Presiden terpilih Joko Widodo (Jokowi) telah menetapkan postur kabinet yang akan
membantunya menjalankan roda pemerintahan. Jokowi tetap mempertahankan
34 kementerian yang ada saat ini. Sedangkan dari segi komposisi, 18
kursi menteri akan diisi dari kalangan profesional. Sedangkan 16 kursi
dari kalangan partai politik.
Pengamat etika politik Romo Benny
Susetyo menilai, pemerintahan Jokowi tidak akan jauh berbeda dengan
pemerintahan Susilo Bambang Yudhoyono.
Romo Benny pun mengkritik Jokowi,
yang pernah berjanji akan membuat kabinet ramping.
"Kami lihat
ada tawar menawar dalam kabinet, dan kabinet yang ramping ternyata tidak
ramping, itu sama saja seperti dahulu yang ada," ujar Benny di Resto
Dapur Selera, Jalan Dr Supomo, Tebet, Jakarta, Minggu (21/9/2014).
Karenanya,
Benny melihat kabinet Jokowi sarat dengan tawar menawar dari partai
koalisi. "Seharusnya kabinet Jokowi adalah kabinet yang kerja keras dan
harus melawan dari parpol," jelasnya.
Selain itu, Benny berharap agar Jokowi melirik anak-anak muda yang memiliki potensi, termasuk orang-orang dari daerah.
"Jokowi
bisa salah bila menempatkan orang. Jika yang dipilih hanya orang-orang
yang populer. Beri kesempatan putra-putri daerah yang rekam jejejaknya
baik. Jadi jangan hanya didominasi oleh orang-oleh pusat," tuntasnya. [okezone]

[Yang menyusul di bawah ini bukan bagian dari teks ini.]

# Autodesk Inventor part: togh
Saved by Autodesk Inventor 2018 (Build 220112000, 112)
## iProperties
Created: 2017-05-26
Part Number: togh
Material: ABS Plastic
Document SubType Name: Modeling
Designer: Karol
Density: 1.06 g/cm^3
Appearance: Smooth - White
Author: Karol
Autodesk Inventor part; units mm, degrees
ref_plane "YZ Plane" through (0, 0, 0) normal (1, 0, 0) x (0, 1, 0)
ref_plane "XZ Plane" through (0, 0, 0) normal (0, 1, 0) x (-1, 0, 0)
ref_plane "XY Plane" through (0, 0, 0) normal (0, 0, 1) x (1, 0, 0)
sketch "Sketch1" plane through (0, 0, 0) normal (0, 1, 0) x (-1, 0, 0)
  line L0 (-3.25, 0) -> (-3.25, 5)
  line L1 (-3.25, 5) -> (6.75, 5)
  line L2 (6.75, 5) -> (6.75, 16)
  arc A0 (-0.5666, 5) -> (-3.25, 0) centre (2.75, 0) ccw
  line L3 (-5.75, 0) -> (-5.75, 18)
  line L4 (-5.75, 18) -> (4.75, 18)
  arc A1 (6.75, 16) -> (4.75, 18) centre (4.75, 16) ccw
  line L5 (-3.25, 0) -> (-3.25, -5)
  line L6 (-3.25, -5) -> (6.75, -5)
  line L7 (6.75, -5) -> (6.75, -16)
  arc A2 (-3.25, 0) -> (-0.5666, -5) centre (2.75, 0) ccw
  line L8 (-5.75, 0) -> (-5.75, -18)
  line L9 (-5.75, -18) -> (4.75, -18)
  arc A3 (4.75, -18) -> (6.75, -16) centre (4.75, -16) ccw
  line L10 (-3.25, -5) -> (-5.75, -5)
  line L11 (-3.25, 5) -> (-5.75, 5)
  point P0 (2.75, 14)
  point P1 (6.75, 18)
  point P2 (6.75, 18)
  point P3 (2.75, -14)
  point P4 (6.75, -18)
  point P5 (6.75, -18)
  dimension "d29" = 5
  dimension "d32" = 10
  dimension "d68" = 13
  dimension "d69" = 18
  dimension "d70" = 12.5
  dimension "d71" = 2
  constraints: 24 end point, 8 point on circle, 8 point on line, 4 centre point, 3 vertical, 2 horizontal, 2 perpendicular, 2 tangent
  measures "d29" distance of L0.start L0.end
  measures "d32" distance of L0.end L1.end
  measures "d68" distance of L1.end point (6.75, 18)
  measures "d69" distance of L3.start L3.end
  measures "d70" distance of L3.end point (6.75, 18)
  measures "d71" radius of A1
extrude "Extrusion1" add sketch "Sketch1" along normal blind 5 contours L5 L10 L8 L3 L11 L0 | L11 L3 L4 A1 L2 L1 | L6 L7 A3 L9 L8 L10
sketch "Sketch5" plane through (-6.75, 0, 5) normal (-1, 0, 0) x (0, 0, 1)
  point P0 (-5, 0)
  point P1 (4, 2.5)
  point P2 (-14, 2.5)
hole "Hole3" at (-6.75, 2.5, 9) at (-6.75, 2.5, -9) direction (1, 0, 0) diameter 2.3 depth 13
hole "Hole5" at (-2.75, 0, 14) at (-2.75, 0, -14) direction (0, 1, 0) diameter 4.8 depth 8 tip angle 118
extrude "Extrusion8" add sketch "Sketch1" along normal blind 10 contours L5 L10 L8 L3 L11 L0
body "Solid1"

Masalah kabinet ramping, Kita harus melihat realitas yang ada untuk merubah kabinet menjadi sedikit butuh proses , kalo ada kementrian yang dilego maka struktur organisasi di bawahnya bagaimana nasibnya? Ini pernah terjadi pada saat presiden Andur'Rahman Wahid. Dan selain itu Juga jumlah penduduk dan sebaran teritorial yg terdiri dari banyak kepulauan tentu perlu dipertimbangkan. Masalah menteri dari partai menurut hemat saya partai didirikan adalah untuk membangun bangsa dan negara agar maju. Jadi orang partai bisa berada di legislatif maupun eksekutif. Bila berada di eksekutif tentunya harus memenuhi kriteria2 yang dibutuhkan oleh seorang eksekutor di pemerintahan. Misalnya ya sebagaimana yang disebut oleh Romo. jadi di sini masalahnya bukan pada tawar menawar. Tetapi pada kompetensinya apakah capable apa tidak sebagai eksekutor di pemerintahan Jokowi-Jk nanti , sehingga hasilnya bisa dirasakan oleh rakyat banyak yang sudah lama menderita dan segera harus ditolong.